12. Citation Faithfulness measures the support for citations (high fidelity, partial support, or no support).
13. Hallucination Detection uses Victara's hallucination detection model to ensure the response aligns with the retrieved content.
14. Open RAG Eval provides a user interface for visualizing evaluation results at openevaluation.ai.
15. The UI displays queries, retrieval scores, and generation scores in an easy-to-understand format.
16. Users can drag and drop RAG evaluation files onto the Open RAG Eval UI for visualization.
17. Open RAG Eval is a powerful tool for optimizing and tuning RAG pipelines.

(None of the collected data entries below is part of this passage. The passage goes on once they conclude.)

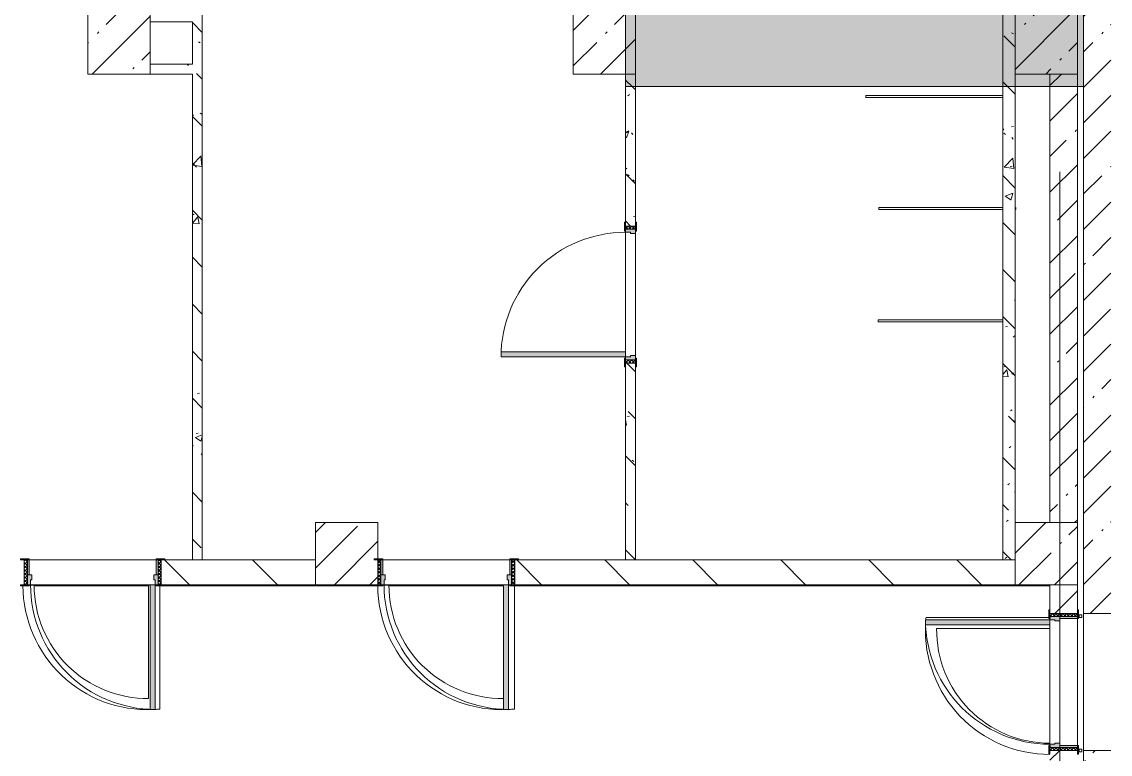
# Model space of a CAD drawing. Header units: millimetres. Extents: x 11693 to 241752, y -8553 to 29926.
# Drawn here: x 165959 to 174704, y 17240 to 23120 of the extents above; entities that cross this region are included whole.
import ezdxf

# ---------------------------------------------------------------- set-up
doc = ezdxf.new("R2010")
doc.units = ezdxf.units.MM
for name, color, linetype, lineweight in [('A-DETL', 7, 'Continuous', 5), ('A-GENM-2', 7, 'Continuous', 5), ('A-WALL-2', 7, 'Continuous', 9), ('A-WALL-5', 7, 'Continuous', 5), ('I-WALL-3', 7, 'Continuous', 5), ('S-COLS', 7, 'Continuous', 5), ('Оси', 7, 'Continuous', 9)]:
    doc.layers.add(name, color=color, linetype=linetype, lineweight=lineweight)
doc.layers.add('A-DETL-GENF-2', color=7, linetype='Continuous', lineweight=9, true_color=0x4994b4, transparency=0.4)
for name, color, linetype, lineweight, true_color in [('A-DOOR-2', 7, 'Continuous', 5, 0xaaaaaa), ('A-DOOR-3', 7, 'Continuous', 5, 0xe2e2e2), ('A-DOOR-FRAM-2', 7, 'Continuous', 5, 0xe2e2e2), ('A-DOOR-FRAM-3', 7, 'Continuous', 5, 0xaaaaaa), ('A-FLOR-1', 7, 'Continuous', 5, 0xaaaaaa), ('I-WALL-4', 7, 'Continuous', 5, 0x2b586c), ('I-WALL-5', 7, 'Continuous', 5, 0x787878), ('S-COLS-1', 7, 'Continuous', 5, 0x2b586c)]:
    doc.layers.add(name, color=color, linetype=linetype, lineweight=lineweight, true_color=true_color)
pattern_1 = [(45, (89739.8, 0), (-285.1231, 285.1231), []), (45, (90024.94, 0), (-285.1231, 285.1231), [504.031, -100.806, 16.764, -84.042])]
pattern_2 = [(135, (89739.8, 0), (-377.1708, -377.1708), [533.4, -88.9, 17.78, -88.9]), (135, (89739.8, 376.94), (-377.1708, -377.1708), []), (50, (89739.8, 0), (637.6445, -55.7866), [66.675, -733.425]), (355, (89739.8, 0), (-123.3494, 668.699), [53.34, -586.74]), (100.451, (89792.95, -4.65), (514.299, 612.908), [56.665, -623.315]), (46.184, (89739.8, 177.8), (948.7764, -147.15), [100.012, -1100.137]), (96.636, (89818.9, 165.5), (830.909, 865.997), [84.998, -934.973]), (351.184, (89739.8, 177.8), (830.918, 865.988), [80.01, -880.11]), (21, (89828.7, 133.35), (530.6506, -357.9283), [66.675, -733.425]), (326, (89828.7, 133.35), (216.308, 644.6585), [53.34, -586.74]), (71.451, (89872.94, 103.5), (746.9596, 286.7243), [56.665, -623.315]), (37.5, (89739.81, 0), (10.81053, 295.9426), [16.764, -562.864, 16.764, -578.866, -588.962]), (37.5, (89739.81, 0), (10.81053, 295.9426), [-1175.258, 16.764, -572.198]), (7.5, (89739.8, 0), (233.8692, 350.6318), [16.764, -322.834, 16.764, -549.529, -224.472]), (7.5, (89739.8, 0), (233.8692, 350.6318), [-905.891, 16.764, -207.708]), (327.5, (89541.57, 0), (474.5678, -20.0513), [16.764, -205.486, 16.764, -676.656, -920.115]), (327.5, (89541.57, 0), (474.5678, -20.0513), [-915.67, 16.764, -903.351]), (317.5, (89452.67, 0), (518.4522, 88.9934), [16.764, -272.161, 16.764, -443.738, -653.415]), (317.5, (89452.67, 0), (518.4522, 88.9934), [-749.427, 16.764, -636.651])]
pattern_3 = [(45, (-80900, -22950), (-285.1231, 285.1231), []), (45, (-80614.88, -22950), (-285.1231, 285.1231), [504.031, -100.806, 16.764, -84.042])]

# ---------------------------------------------------------------- blocks, each defined once
blk = doc.blocks.new('BSC_Колонна _Прямоугольная - 500х500-23287078-Общий план 2 этажа с размещением фрагментов 2_1-2_7')
at = {"layer": 'S-COLS'}
h = blk.add_hatch(dxfattribs=at)
h.set_pattern_fill('FP_58', color=256, style=0, pattern_type=2)
h.set_pattern_definition([(45, (-84450, -22950), (-285.1231, 285.1231), []), (45, (-84164.88, -22950), (-285.1231, 285.1231), [504.031, -100.806, 16.764, -84.042])])
h.paths.add_polyline_path([(250, -250), (250, 250), (-250, 250), (-250, -250), (222.5, -250)])
at = {"layer": 'S-COLS-1'}
for p, q in [((250, 250), (-250, 250)), ((-250, 250), (-250, -250)), ((250, -250), (250, 250)), ((-250, -250), (250, -250))]:
    blk.add_line(p, q, dxfattribs=at)
blk = doc.blocks.new('BSC_Колонна _Прямоугольная - 500х500-V78-Общий план 2 этажа с размещением фрагментов 2_1-2_7')
at = {"layer": 'S-COLS'}
h = blk.add_hatch(dxfattribs=at)
h.set_pattern_fill('FP_81', color=256, style=0, pattern_type=2)
h.set_pattern_definition([(45, (-77000, -22950), (-285.1231, 285.1231), []), (45, (-76714.88, -22950), (-285.1231, 285.1231), [504.031, -100.806, 16.764, -84.042])])
h.paths.add_polyline_path([(250, -250), (250, 250), (-250, 250), (-250, -250), (-198.5, -250)])
for p, q in [((250, 250), (-250, 250)), ((-250, 250), (-250, -250)), ((250, -250), (250, 250)), ((-250, -250), (250, -250))]:
    blk.add_line(p, q, dxfattribs=at)
blk = doc.blocks.new('110_Дверь_СКБ_1Ст_Внутренняя1 - Д-4 1100x2100h_су мгн-V83-Общий план 2 этажа с размещением фрагментов 2_1-2_7')
at = {"layer": 'A-DOOR-2'}
h = blk.add_hatch(dxfattribs=at)
h.set_pattern_fill('FP_85', color=256, style=0, pattern_type=2)
h.set_pattern_definition([(135, (1751.41, 104.685), (-14.14214, -14.14214), []), (225, (1751.41, 104.685), (14.14214, -14.14214), [])])
h.paths.add_polyline_path([(537.5, -40), (562.5, -40), (562.5, 40), (537.5, 40)])
at = {"layer": 'A-DOOR-3'}
h = blk.add_hatch(color=256, dxfattribs=at)
h.paths.add_polyline_path([(-512.5, 40), (-512.5, -40), (-477.5, -40), (-477.5, 0), (-487.5, 0), (-487.5, 40)])
h.paths.add_polyline_path([(502.5, 0), (502.5, -40), (537.5, -40), (537.5, 40), (512.5, 40), (512.5, 0)])
at = {"layer": 'A-DOOR-FRAM-2'}
for points in [[(-487.5, 1040), (-487.5, 40), (-447.5, 40), (-447.5, 1040)], [(-567.5, 40), (-497.5, 40), (-497.5, 48), (-567.5, 48)], [(522.5, 40), (592.5, 40), (592.5, 48), (522.5, 48)], [(-567.5, -48), (-497.5, -48), (-497.5, -40), (-567.5, -40)], [(522.5, -48), (592.5, -48), (592.5, -40), (522.5, -40)]]:
    blk.add_hatch(color=256, dxfattribs=at).paths.add_polyline_path(points)
at = {"layer": 'A-DOOR-FRAM-3'}
h = blk.add_hatch(dxfattribs=at)
h.set_pattern_fill('FP_86', color=256, style=0, pattern_type=2)
h.set_pattern_definition([(45, (-371.384, 104.685), (-14.1421, 14.1421), []), (135, (-371.384, 104.685), (-14.1421, -14.1421), [])])
h.paths.add_polyline_path([(-537.5, -40), (-512.5, -40), (-512.5, 40), (-537.5, 40)])
at = {"layer": 'A-DOOR-2'}
for p, q in [((-487.5, 1040), (-487.5, 40)), ((-447.5, 1040), (-487.5, 1040)), ((-447.5, 40), (-447.5, 1040)), ((-487.5, 40), (-447.5, 40))]:
    blk.add_line(p, q, dxfattribs=at)
blk.add_arc((-487.5, 40), 1000, 360, 90, dxfattribs=at)
at = {"layer": 'A-DOOR-FRAM-3'}
for p, q in [((-497.5, 48), (-567.5, 48)), ((-567.5, 48), (-567.5, 40)), ((-567.5, 40), (-497.5, 40)), ((-512.5, 40), (-537.5, 40)), ((-537.5, 40), (-537.5, -40)), ((-487.5, 40), (-512.5, 40)), ((-512.5, 40), (-512.5, -40)), ((-512.5, -40), (-512.5, 40)), ((-497.5, 40), (-512.5, 40)), ((-512.5, 40), (-512.5, 39)), ((-512.5, 39), (-497.5, 39)), ((-497.5, 40), (-497.5, 48)), ((-497.5, 39), (-497.5, 40)), ((-487.5, 0), (-487.5, 40)), ((-477.5, 0), (-487.5, 0)), ((-477.5, -40), (-477.5, 0)), ((512.5, 0), (502.5, 0)), ((502.5, 0), (502.5, -40)), ((512.5, 40), (512.5, 0)), ((537.5, 40), (512.5, 40)), ((592.5, 48), (522.5, 48)), ((522.5, 48), (522.5, 40)), ((537.5, 40), (522.5, 40)), ((522.5, 40), (522.5, 39)), ((522.5, 40), (592.5, 40)), ((522.5, 39), (537.5, 39)), ((537.5, -40), (537.5, 40)), ((562.5, 40), (537.5, 40)), ((537.5, 40), (537.5, -40)), ((537.5, 39), (537.5, 40)), ((562.5, -40), (562.5, 40)), ((592.5, 40), (592.5, 48)), ((-497.5, -40), (-567.5, -40)), ((-567.5, -40), (-567.5, -48)), ((-567.5, -48), (-497.5, -48)), ((-537.5, -40), (-512.5, -40)), ((-497.5, -39), (-512.5, -39)), ((-512.5, -39), (-512.5, -40)), ((-512.5, -40), (-477.5, -40)), ((-512.5, -40), (-497.5, -40)), ((-497.5, -40), (-497.5, -39)), ((-497.5, -48), (-497.5, -40)), ((502.5, -40), (537.5, -40)), ((537.5, -39), (522.5, -39)), ((522.5, -39), (522.5, -40)), ((522.5, -40), (537.5, -40)), ((592.5, -40), (522.5, -40)), ((522.5, -40), (522.5, -48)), ((522.5, -48), (592.5, -48)), ((537.5, -40), (537.5, -39)), ((537.5, -40), (562.5, -40)), ((592.5, -48), (592.5, -40))]:
    blk.add_line(p, q, dxfattribs=at)
blk = doc.blocks.new('110_Дверь_СКБ_1Ст_Внутренняя1 - Д-4 1100x2100h_су мгн-V84-Общий план 2 этажа с размещением фрагментов 2_1-2_7')
at = {"layer": 'A-DOOR-2'}
h = blk.add_hatch(dxfattribs=at)
h.set_pattern_fill('FP_2', color=256, style=0, pattern_type=2)
h.set_pattern_definition([(135, (1751.41, 164.685), (-14.14214, -14.14214), []), (225, (1751.41, 164.685), (14.14214, -14.14214), [])])
h.paths.add_polyline_path([(562.5, 100), (537.5, 100), (537.5, -100), (562.5, -100)])
at = {"layer": 'A-DOOR-3'}
h = blk.add_hatch(color=256, dxfattribs=at)
h.paths.add_polyline_path([(-487.5, 100), (-512.5, 100), (-512.5, 20), (-477.5, 20), (-477.5, 60), (-487.5, 60)])
h.paths.add_polyline_path([(537.5, 100), (512.5, 100), (512.5, 60), (502.5, 60), (502.5, 20), (537.5, 20)])
at = {"layer": 'A-DOOR-FRAM-2'}
for points in [[(-487.5, 1100), (-487.5, 100), (-447.5, 100), (-447.5, 1100)], [(-567.5, 108), (-567.5, 100), (-497.5, 100), (-497.5, 108)], [(592.5, 108), (522.5, 108), (522.5, 100), (592.5, 100)], [(-497.5, 20), (-512.5, 20), (-512.5, -100), (-497.5, -100)], [(537.5, 20), (522.5, 20), (522.5, -100), (537.5, -100)], [(-567.5, -100), (-567.5, -108), (-497.5, -108), (-497.5, -100)], [(592.5, -100), (522.5, -100), (522.5, -108), (592.5, -108)]]:
    blk.add_hatch(color=256, dxfattribs=at).paths.add_polyline_path(points)
at = {"layer": 'A-DOOR-FRAM-3'}
h = blk.add_hatch(dxfattribs=at)
h.set_pattern_fill('FP_3', color=256, style=0, pattern_type=2)
h.set_pattern_definition([(45, (-371.384, 164.685), (-14.1421, 14.1421), []), (135, (-371.384, 164.685), (-14.1421, -14.1421), [])])
h.paths.add_polyline_path([(-512.5, 100), (-537.5, 100), (-537.5, -100), (-512.5, -100)])
at = {"layer": 'A-DOOR-2'}
for p, q in [((-487.5, 1100), (-487.5, 100)), ((-447.5, 1100), (-487.5, 1100)), ((-447.5, 100), (-447.5, 1100)), ((-487.5, 100), (-447.5, 100))]:
    blk.add_line(p, q, dxfattribs=at)
blk.add_arc((-487.5, 100), 1000, 360, 90, dxfattribs=at)
at = {"layer": 'A-DOOR-FRAM-3'}
for p, q in [((-497.5, 108), (-567.5, 108)), ((-567.5, 108), (-567.5, 100)), ((-567.5, 100), (-497.5, 100)), ((-512.5, 100), (-537.5, 100)), ((-537.5, 100), (-537.5, -100)), ((-487.5, 100), (-512.5, 100)), ((-512.5, 100), (-512.5, 20)), ((-512.5, -100), (-512.5, 100)), ((-497.5, 100), (-512.5, 100)), ((-512.5, 100), (-512.5, 99)), ((-512.5, 99), (-497.5, 99)), ((-497.5, 100), (-497.5, 108)), ((-497.5, 99), (-497.5, 100)), ((-487.5, 60), (-487.5, 100)), ((512.5, 100), (512.5, 60)), ((537.5, 100), (512.5, 100)), ((592.5, 108), (522.5, 108)), ((522.5, 108), (522.5, 100)), ((537.5, 100), (522.5, 100)), ((522.5, 100), (522.5, 99)), ((522.5, 100), (592.5, 100)), ((522.5, 99), (537.5, 99)), ((537.5, 20), (537.5, 100)), ((562.5, 100), (537.5, 100)), ((537.5, 100), (537.5, -100)), ((537.5, 99), (537.5, 100)), ((562.5, -100), (562.5, 100)), ((592.5, 100), (592.5, 108)), ((-512.5, 20), (-477.5, 20)), ((-497.5, 20), (-512.5, 20)), ((-512.5, 20), (-512.5, -100)), ((-497.5, -100), (-497.5, 20)), ((-477.5, 60), (-487.5, 60)), ((-477.5, 20), (-477.5, 60)), ((512.5, 60), (502.5, 60)), ((502.5, 60), (502.5, 20)), ((502.5, 20), (537.5, 20)), ((537.5, 20), (522.5, 20)), ((522.5, 20), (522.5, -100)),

18. The project is open source, allowing users to examine its inner workings and contribute connectors or other improvements.
19. Transparency is a key benefit of Open RAG Eval, as the metrics are clear and understandable.
20. Victara contributes connectors for vector-based, language chain, and Lama Index pipelines.
21. Users can contribute connectors for their own or other preferred RAG pipelines.
22. Open RAG Eval welcomes questions, issues, and pull requests related to connectors or other aspects of the project.
23. The presentation concludes by thanking the audience for their attention.
24. The topic was Open RAG Eval, an open-source package for optimizing and tuning RAG pipelines using transparent and scalable evaluation methods.

Source: AI Engineer via YouTube

❓ What do you think? What are your thoughts on the ideas shared in this video? Feel free to share your thoughts in the comments!